There are certain bêtes noires of our society which are blamed for most of our problems, whereas in reality the positive contributions of those organisations are often greater. One of those is the Health and Safety Executive. The perception of that organisation often gets in the way of reality. The health and safety legislation has assisted huge improvements, as indeed have better management practice and staff involvement to address poor work practice and productivity related to poor safety conditions.

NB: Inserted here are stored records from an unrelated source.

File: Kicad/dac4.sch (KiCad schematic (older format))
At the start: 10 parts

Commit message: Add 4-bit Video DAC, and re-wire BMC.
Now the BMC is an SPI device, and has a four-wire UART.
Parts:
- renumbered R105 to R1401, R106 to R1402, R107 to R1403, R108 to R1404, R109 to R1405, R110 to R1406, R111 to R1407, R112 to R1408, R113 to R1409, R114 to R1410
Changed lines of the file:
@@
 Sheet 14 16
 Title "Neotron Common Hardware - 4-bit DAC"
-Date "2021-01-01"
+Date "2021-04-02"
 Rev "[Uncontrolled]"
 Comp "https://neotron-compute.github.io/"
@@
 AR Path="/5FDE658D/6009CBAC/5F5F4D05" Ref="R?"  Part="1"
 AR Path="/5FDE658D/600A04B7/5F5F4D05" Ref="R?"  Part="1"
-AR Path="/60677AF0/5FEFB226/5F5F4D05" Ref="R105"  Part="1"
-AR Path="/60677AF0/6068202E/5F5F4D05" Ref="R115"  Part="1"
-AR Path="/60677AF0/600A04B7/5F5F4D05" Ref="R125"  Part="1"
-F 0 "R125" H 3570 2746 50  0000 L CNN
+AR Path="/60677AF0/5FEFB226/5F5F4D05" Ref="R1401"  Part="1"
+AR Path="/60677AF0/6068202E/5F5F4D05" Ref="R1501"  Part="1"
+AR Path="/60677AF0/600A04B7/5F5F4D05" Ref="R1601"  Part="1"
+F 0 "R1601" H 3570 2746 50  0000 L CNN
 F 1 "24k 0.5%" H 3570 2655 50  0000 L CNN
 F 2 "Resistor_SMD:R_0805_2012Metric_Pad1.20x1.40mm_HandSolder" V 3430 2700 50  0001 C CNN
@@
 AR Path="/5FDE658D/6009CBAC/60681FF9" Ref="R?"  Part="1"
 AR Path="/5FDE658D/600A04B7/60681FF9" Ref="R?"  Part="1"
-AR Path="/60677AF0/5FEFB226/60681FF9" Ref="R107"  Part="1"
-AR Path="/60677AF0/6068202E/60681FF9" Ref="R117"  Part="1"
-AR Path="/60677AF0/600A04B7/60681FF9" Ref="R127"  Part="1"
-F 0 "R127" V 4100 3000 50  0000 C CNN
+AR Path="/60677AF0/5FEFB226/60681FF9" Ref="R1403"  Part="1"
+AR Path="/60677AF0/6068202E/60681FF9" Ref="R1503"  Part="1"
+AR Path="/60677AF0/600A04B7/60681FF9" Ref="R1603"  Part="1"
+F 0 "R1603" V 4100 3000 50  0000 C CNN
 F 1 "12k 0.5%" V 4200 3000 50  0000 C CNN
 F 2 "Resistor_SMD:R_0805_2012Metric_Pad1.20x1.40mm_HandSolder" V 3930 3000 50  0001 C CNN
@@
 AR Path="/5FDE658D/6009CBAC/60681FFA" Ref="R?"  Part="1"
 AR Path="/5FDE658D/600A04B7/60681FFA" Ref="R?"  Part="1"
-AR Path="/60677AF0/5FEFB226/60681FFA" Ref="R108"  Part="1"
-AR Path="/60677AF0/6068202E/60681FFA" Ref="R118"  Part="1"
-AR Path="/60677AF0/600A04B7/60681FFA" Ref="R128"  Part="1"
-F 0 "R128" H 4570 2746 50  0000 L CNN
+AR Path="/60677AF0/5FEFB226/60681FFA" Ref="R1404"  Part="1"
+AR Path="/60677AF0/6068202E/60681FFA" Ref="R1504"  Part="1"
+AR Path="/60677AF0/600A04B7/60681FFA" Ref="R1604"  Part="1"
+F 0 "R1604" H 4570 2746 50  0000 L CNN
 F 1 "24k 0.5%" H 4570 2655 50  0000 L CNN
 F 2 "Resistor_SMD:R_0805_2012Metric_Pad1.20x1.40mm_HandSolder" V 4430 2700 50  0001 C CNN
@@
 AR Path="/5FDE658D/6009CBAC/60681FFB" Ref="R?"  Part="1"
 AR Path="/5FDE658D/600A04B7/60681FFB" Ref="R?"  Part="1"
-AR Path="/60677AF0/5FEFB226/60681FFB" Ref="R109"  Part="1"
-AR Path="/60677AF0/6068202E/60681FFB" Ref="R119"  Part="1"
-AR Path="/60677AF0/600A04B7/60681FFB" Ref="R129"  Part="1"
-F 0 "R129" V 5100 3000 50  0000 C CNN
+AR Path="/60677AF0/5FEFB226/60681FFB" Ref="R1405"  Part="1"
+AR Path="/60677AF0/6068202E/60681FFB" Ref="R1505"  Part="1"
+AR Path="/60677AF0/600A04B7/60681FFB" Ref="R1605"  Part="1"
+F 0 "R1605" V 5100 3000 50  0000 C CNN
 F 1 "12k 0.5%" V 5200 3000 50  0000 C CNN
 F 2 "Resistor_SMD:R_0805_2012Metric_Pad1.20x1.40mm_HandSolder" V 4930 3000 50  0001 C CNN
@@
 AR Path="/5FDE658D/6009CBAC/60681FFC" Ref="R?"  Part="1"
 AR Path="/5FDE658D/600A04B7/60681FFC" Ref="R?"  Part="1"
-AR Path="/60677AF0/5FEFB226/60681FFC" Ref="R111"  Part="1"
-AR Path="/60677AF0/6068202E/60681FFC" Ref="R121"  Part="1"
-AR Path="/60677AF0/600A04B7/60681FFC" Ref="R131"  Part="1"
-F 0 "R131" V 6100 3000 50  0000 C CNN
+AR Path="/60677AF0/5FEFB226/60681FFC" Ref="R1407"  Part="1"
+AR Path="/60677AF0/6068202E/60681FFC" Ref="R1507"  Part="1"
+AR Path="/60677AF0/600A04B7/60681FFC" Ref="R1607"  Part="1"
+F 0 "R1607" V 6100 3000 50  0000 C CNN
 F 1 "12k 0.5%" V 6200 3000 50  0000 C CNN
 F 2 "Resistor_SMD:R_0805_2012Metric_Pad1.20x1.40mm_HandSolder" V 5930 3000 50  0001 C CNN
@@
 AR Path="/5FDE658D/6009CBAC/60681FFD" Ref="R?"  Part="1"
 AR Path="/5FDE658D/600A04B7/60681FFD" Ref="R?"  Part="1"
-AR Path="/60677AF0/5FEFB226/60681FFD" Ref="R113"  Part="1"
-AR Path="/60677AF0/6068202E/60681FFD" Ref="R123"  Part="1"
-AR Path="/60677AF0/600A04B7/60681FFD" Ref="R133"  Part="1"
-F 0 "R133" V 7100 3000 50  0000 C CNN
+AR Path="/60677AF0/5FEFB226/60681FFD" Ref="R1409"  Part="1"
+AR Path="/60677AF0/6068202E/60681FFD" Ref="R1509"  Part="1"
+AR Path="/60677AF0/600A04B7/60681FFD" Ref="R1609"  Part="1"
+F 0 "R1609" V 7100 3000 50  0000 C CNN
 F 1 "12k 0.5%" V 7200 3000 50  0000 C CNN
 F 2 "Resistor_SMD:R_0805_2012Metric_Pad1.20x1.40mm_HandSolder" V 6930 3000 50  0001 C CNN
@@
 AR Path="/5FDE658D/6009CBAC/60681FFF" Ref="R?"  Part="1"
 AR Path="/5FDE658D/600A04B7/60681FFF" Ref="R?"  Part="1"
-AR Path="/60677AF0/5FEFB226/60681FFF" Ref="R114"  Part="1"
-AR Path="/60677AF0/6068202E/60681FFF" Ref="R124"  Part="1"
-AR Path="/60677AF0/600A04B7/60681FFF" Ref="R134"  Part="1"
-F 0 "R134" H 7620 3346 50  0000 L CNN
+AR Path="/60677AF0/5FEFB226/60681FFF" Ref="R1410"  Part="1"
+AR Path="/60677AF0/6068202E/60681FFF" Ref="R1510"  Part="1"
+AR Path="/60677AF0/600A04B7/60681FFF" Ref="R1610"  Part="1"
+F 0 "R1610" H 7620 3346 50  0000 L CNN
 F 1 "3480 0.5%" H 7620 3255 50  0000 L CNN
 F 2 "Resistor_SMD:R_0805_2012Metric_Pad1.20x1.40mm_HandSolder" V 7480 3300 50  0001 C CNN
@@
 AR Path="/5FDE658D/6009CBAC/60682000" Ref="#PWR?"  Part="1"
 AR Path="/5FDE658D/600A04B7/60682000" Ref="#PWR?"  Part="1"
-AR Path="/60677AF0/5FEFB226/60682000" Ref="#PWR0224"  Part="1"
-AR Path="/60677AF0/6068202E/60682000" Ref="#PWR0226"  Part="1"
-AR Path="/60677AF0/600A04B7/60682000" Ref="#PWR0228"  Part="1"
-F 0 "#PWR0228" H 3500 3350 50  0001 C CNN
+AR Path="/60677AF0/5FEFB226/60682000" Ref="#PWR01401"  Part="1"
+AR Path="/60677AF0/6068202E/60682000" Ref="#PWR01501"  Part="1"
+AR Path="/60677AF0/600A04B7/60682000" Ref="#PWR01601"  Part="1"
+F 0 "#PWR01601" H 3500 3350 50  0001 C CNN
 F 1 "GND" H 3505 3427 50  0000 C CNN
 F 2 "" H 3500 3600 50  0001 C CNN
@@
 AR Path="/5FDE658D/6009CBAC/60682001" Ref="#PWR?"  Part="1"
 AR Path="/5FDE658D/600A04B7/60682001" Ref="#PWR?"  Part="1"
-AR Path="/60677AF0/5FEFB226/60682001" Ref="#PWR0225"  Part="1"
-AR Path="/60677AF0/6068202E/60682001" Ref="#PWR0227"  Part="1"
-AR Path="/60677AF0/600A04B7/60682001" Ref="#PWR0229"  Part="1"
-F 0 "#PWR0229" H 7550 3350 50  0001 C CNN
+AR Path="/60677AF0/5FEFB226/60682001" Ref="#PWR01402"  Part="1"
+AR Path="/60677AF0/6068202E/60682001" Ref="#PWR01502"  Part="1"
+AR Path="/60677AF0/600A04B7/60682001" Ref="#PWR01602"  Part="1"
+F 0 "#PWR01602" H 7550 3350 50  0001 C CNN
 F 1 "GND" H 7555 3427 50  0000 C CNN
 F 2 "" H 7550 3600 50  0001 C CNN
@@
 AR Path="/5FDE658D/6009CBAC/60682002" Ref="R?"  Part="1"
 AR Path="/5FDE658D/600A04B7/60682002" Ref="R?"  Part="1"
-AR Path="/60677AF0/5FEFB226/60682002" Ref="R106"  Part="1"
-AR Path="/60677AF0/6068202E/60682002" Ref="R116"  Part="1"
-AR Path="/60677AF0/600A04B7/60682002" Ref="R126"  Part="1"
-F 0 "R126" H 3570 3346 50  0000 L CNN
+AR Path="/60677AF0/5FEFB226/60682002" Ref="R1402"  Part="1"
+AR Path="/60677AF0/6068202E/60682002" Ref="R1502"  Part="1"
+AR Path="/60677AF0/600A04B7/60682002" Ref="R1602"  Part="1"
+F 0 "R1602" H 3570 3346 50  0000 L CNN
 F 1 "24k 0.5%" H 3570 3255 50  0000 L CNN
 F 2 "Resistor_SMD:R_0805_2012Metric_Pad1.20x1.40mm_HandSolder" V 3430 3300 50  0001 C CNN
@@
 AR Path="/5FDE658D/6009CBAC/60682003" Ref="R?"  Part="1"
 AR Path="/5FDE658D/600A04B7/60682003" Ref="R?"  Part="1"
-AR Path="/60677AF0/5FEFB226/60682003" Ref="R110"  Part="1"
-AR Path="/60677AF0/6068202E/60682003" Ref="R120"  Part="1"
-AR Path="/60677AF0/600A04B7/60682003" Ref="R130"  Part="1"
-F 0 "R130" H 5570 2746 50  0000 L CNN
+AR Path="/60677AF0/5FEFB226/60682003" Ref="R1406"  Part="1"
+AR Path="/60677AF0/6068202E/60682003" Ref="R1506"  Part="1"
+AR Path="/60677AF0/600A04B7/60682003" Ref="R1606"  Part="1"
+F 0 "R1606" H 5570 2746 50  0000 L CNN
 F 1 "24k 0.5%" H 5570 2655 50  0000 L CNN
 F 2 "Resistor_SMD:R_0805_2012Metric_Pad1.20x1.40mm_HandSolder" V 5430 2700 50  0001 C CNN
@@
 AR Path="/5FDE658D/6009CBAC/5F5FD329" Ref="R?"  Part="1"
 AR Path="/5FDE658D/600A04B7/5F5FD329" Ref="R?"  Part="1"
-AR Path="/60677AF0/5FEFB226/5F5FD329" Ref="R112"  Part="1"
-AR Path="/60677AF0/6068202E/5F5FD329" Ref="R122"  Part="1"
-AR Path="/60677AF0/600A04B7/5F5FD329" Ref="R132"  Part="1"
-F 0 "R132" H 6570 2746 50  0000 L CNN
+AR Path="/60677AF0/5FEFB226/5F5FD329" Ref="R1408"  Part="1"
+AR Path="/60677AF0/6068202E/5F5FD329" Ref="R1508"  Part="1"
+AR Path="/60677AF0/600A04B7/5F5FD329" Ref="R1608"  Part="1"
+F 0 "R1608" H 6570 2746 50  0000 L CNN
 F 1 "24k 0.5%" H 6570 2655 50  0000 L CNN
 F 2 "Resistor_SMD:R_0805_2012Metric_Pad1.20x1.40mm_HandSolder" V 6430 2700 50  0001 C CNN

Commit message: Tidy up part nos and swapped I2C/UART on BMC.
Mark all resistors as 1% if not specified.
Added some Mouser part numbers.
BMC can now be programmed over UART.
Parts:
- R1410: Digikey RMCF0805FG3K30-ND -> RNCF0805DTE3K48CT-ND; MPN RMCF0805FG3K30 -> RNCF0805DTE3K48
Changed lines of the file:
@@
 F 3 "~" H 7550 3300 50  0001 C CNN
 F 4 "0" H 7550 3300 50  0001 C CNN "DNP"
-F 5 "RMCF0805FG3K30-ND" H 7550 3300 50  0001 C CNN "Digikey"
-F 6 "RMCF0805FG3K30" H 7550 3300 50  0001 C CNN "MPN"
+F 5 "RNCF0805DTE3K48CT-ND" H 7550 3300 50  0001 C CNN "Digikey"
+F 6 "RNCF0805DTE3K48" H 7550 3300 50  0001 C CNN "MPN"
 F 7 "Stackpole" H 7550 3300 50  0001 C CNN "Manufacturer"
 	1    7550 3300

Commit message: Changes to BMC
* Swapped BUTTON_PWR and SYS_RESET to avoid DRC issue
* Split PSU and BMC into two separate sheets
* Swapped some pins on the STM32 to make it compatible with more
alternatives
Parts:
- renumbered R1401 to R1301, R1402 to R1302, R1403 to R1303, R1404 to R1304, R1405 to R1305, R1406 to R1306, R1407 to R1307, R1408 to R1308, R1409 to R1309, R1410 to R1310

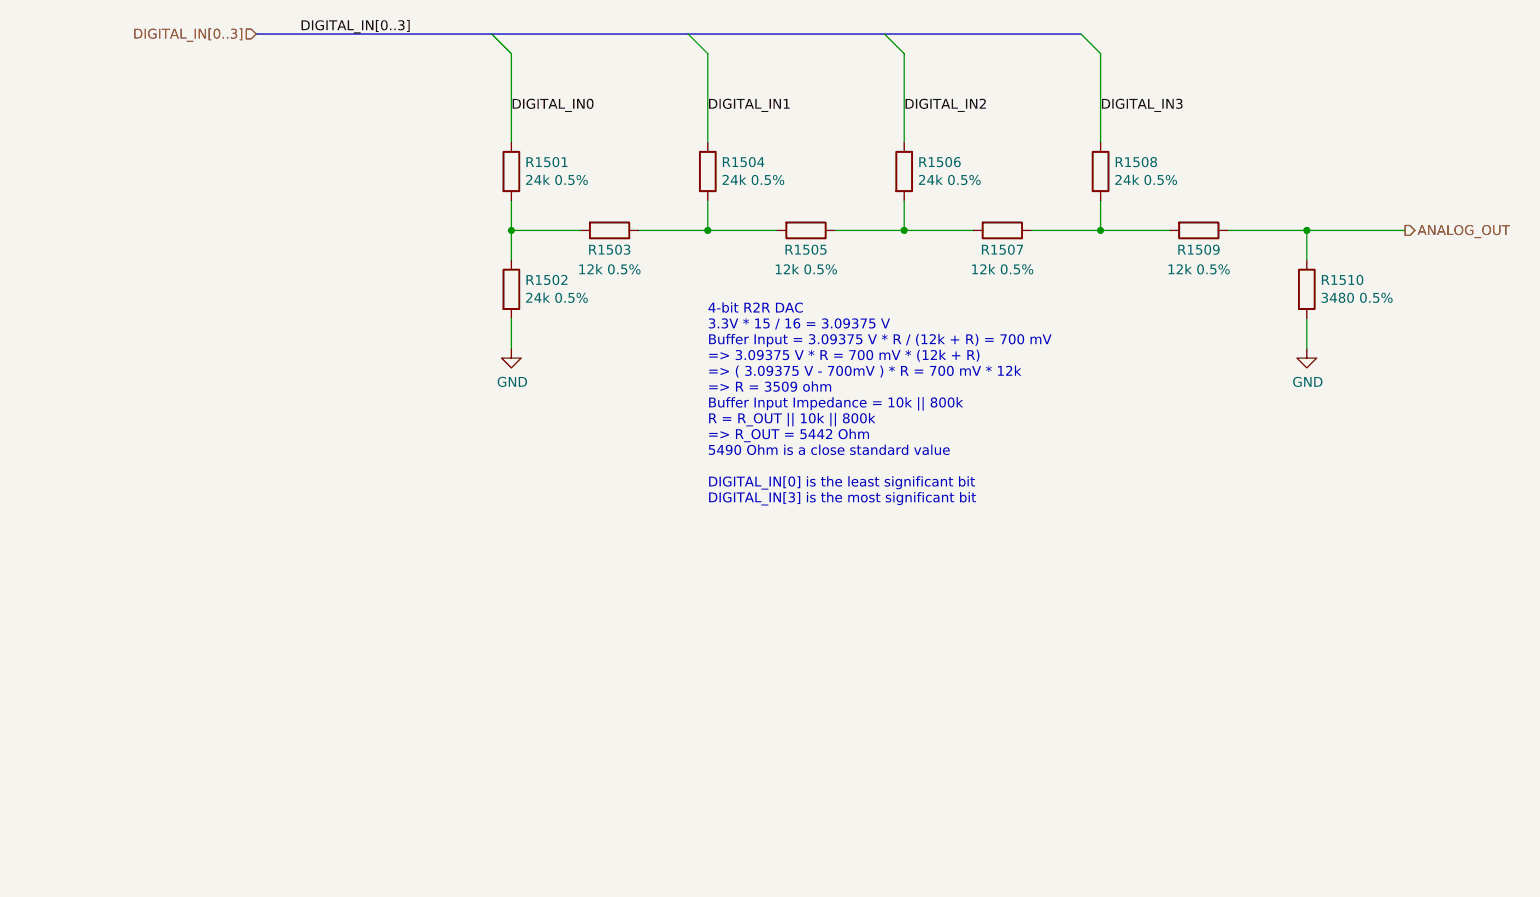
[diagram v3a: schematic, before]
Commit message: Brought in sheets from Neotron Pico.
Also includes DB15HD and PSU 3D models.
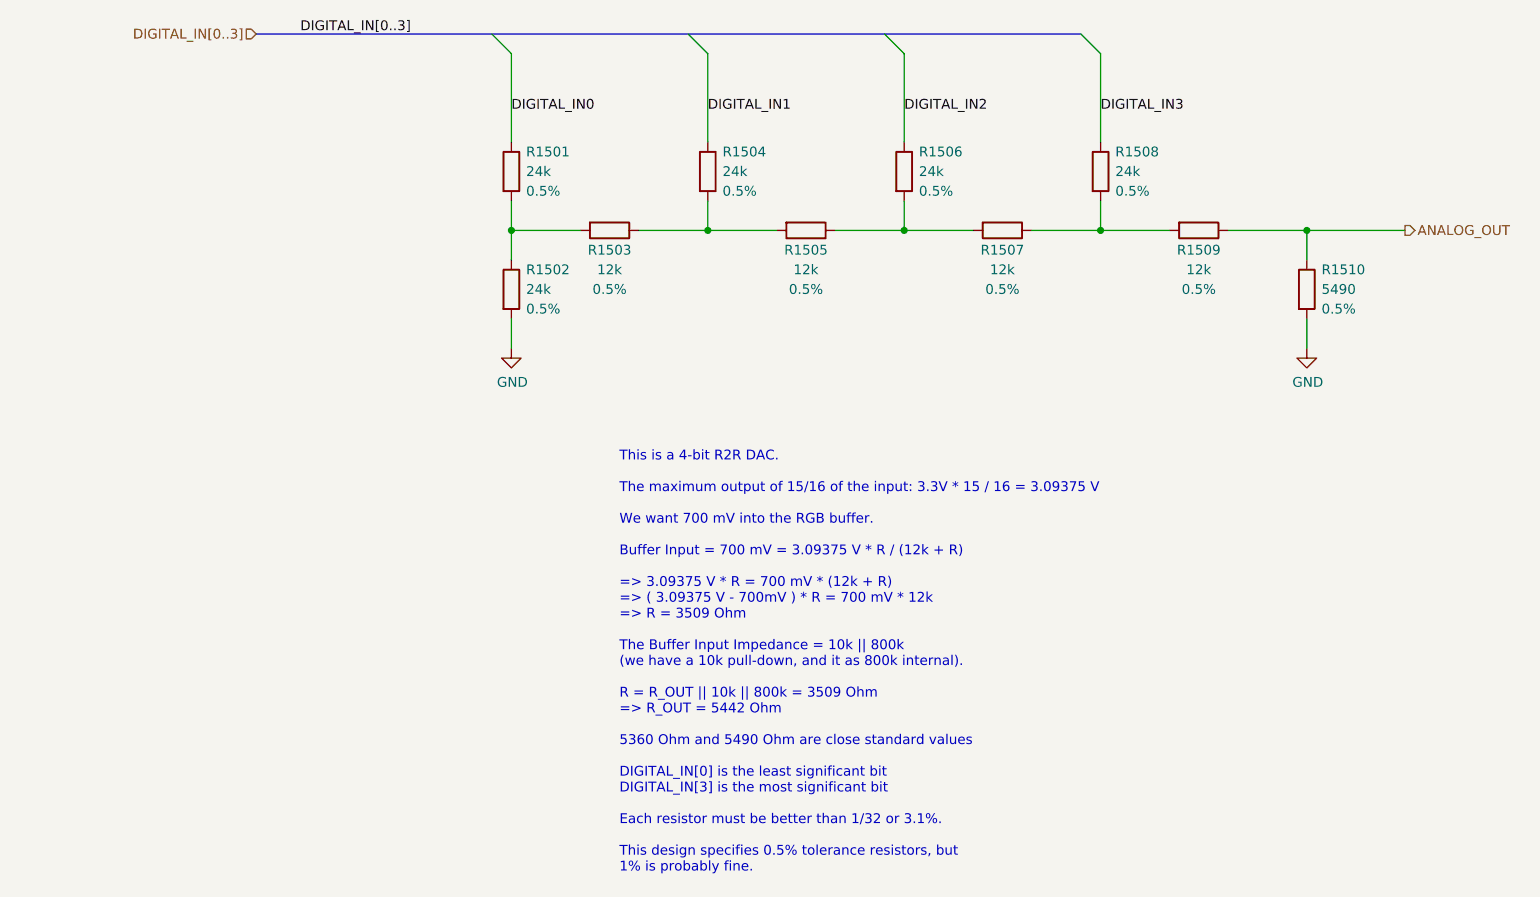
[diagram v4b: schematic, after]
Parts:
- R1301, R1302, R1304, R1306, R1308: value 24k 0.5% -> 24k; LCSC Part# (none) -> C17575; Tolerance (none) -> 0.5%
- R1303, R1305, R1307, R1309: value 12k 0.5% -> 12k; LCSC Part# (none) -> C97163; Tolerance (none) -> 0.5%
- R1310: value 3480 0.5% -> 5490; Digikey RNCF0805DTE3K48CT-ND -> RNCF0805DTE5K49CT-ND; LCSC Part# (none) -> C17726; MPN RNCF0805DTE3K48 -> RNCF0805DTE5K49; Tolerance (none) -> 0.5%
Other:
- note added: "This is a 4-bit R2R DAC.\n\nThe maximum output of 15/16 of the input: 3.3V * 15 / 16 = 3.09375 V\n\nWe want 700 mV into the RGB buffer.\n\nBuffer Input = 700 mV = 3.09375 V * R / (12k + R)\n\n=> 3.09375 V * R = 700 mV * (12k + R)\n=> ( 3.09375 V - 700mV ) * R = 700 mV * 12k\n=> R = 3509 Ohm\n\nThe Buffer Input Impedance = 10k || 800k\n(we have a 10k pull-down, and it as 800k internal).\n\nR = R_O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"
- note removed: "4-bit R2R DAC\n3.3V * 15 / 16 = 3.09375 V\nBuffer Input = 3.09375 V * R / (12k + R) = 700 mV\n=> 3.09375 V * R = 700 mV * (12k + R)\n=> ( 3.09375 V - 700mV ) * R = 700 mV * 12k\n=> R = 3509 ohm\nBuffer Input Impedance = 10k || 800k\nR = R_OUT || 10k || 800k\n=> R_OUT = 5442 Ohm\n5490 Ohm is a close standard value\n\nDIGITAL_IN[0] is the least significant bit\nDIGITAL_IN[3] is the most significant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"

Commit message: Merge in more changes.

The questioning of the working of the health and safety legislation and the European directives associated with it was probably to be expected from this Conservative-led Government, but Professor Löfstedt may have disappointed many when he said that no radical reform was needed and that the problem was less with regulations and more with the way in which they were interpreted and regulated. However, one feels that he had to say something to come up with a political proposal. He advocated that those self-employed whose work activities pose no threat to others should be excluded, which would help reduce the perception that health and safety is inappropriately applied.

The reality is that there is not much of a burden on the self-employed. That was proved in the Government’s consultation. If you do not believe the Health and Safety Executive, even the mighty Engineering Employers’ Federation, as the noble Lord, Lord McKenzie, told us, supports its view, stating:

“It is a myth to suggest that the self-employed are singled out by the regulatory authorities for inspection. This is not the case nor is there a record of prosecution against the self-employed, except in a few cases where their activities have or could have impacted others adversely”.

If such burdens were so great on the self-employed and on small businesses, how do we account for the huge growth in self-employment and business start-ups under this coalition Government?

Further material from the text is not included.